- [Assigned task] Find the word "single" in the data, then copy each line where it is found.

- [Data section]
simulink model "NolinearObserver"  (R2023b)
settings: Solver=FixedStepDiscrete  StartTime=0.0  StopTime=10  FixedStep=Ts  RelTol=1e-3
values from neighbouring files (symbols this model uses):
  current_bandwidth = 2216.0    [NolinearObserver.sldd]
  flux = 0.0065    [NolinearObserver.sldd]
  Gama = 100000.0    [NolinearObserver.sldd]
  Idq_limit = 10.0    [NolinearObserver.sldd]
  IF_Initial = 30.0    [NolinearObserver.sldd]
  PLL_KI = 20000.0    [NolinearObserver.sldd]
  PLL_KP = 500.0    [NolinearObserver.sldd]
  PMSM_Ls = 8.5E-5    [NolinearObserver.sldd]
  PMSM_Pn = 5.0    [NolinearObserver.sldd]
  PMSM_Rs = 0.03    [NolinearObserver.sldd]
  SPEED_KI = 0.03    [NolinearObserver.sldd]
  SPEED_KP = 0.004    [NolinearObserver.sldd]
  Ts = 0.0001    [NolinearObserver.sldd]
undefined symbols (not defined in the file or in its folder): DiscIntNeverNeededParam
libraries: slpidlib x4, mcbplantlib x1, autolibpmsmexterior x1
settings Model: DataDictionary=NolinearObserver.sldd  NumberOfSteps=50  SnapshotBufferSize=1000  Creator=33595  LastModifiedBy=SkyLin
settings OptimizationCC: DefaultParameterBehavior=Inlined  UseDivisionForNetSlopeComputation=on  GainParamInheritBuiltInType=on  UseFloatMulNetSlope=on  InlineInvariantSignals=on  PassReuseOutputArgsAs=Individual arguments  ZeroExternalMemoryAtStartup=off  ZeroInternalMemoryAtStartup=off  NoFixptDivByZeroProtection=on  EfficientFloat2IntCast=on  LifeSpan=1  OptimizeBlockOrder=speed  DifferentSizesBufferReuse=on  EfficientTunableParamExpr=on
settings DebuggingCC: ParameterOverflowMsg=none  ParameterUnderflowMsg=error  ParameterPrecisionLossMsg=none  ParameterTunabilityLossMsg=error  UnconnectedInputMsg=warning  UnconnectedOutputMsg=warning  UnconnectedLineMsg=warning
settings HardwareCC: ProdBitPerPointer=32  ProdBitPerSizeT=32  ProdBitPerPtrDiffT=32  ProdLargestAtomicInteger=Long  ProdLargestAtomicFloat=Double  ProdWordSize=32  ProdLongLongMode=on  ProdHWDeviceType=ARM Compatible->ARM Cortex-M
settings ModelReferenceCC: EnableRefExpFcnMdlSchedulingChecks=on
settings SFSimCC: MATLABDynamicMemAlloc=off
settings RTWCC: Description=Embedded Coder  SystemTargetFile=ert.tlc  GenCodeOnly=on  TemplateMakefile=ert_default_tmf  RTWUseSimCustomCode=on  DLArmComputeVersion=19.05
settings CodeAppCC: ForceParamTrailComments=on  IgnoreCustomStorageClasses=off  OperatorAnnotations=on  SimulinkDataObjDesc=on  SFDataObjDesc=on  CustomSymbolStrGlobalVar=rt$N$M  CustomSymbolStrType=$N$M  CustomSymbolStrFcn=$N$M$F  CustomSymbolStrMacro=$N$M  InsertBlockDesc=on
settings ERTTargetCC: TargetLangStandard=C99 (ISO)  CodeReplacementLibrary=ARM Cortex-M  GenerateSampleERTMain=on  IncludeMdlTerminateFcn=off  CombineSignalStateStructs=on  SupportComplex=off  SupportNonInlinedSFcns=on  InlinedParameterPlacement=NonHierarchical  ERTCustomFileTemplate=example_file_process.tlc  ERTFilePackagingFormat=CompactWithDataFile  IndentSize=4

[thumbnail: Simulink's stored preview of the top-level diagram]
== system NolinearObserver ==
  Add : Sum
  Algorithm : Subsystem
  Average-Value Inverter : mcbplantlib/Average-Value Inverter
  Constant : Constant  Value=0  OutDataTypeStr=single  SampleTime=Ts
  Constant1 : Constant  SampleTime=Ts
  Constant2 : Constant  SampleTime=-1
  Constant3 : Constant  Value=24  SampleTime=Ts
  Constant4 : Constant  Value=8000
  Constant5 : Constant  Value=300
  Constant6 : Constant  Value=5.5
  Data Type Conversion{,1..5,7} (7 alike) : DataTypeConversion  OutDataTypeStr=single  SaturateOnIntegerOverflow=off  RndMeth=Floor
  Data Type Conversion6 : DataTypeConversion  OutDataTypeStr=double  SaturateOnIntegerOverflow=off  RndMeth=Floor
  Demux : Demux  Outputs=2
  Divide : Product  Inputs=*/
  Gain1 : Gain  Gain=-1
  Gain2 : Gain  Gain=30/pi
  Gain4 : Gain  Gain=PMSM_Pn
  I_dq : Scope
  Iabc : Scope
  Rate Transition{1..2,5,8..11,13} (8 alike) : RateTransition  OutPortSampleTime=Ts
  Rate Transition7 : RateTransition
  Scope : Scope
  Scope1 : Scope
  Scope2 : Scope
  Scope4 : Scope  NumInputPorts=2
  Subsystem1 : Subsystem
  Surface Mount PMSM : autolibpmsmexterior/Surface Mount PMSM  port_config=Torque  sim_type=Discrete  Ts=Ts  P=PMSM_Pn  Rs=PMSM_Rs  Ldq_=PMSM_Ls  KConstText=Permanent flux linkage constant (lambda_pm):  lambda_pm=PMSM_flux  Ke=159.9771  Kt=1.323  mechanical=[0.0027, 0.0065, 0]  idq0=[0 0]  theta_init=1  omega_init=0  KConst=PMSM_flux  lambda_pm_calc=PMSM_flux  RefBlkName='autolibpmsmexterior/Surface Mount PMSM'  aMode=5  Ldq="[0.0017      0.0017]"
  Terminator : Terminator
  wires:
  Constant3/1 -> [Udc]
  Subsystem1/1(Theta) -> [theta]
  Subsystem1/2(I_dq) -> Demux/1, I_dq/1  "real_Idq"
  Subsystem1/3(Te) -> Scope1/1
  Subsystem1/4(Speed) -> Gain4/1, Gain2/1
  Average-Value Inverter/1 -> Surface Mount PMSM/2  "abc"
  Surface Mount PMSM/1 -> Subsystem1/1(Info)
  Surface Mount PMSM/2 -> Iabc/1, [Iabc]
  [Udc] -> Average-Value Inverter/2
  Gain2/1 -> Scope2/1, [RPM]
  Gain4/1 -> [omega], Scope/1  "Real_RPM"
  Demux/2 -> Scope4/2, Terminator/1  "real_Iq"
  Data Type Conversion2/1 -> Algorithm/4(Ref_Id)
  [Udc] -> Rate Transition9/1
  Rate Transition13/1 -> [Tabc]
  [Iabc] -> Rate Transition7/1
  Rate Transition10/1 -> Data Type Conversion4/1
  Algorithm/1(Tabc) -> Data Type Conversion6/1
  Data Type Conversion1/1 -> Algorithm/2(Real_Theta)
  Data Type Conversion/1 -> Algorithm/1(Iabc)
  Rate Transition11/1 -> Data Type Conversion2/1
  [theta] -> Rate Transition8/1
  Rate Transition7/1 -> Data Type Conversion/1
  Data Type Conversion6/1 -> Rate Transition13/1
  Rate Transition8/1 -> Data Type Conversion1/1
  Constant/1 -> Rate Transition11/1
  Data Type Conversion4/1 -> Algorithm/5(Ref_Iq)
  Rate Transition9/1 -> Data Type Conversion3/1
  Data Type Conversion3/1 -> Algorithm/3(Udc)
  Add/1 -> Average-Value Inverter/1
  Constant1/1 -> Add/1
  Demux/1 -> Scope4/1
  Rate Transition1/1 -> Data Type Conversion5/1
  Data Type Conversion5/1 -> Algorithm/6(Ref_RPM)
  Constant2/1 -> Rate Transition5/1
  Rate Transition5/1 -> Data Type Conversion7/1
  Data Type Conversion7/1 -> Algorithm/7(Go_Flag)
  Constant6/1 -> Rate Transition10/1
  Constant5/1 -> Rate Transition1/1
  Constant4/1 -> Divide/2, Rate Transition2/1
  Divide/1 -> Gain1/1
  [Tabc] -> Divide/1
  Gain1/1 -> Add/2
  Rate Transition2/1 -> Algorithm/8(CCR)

- [Written response]
  Constant : Constant  Value=0  OutDataTypeStr=single  SampleTime=Ts
  Data Type Conversion{,1..5,7} (7 alike) : DataTypeConversion  OutDataTypeStr=single  SaturateOnIntegerOverflow=off  RndMeth=Floor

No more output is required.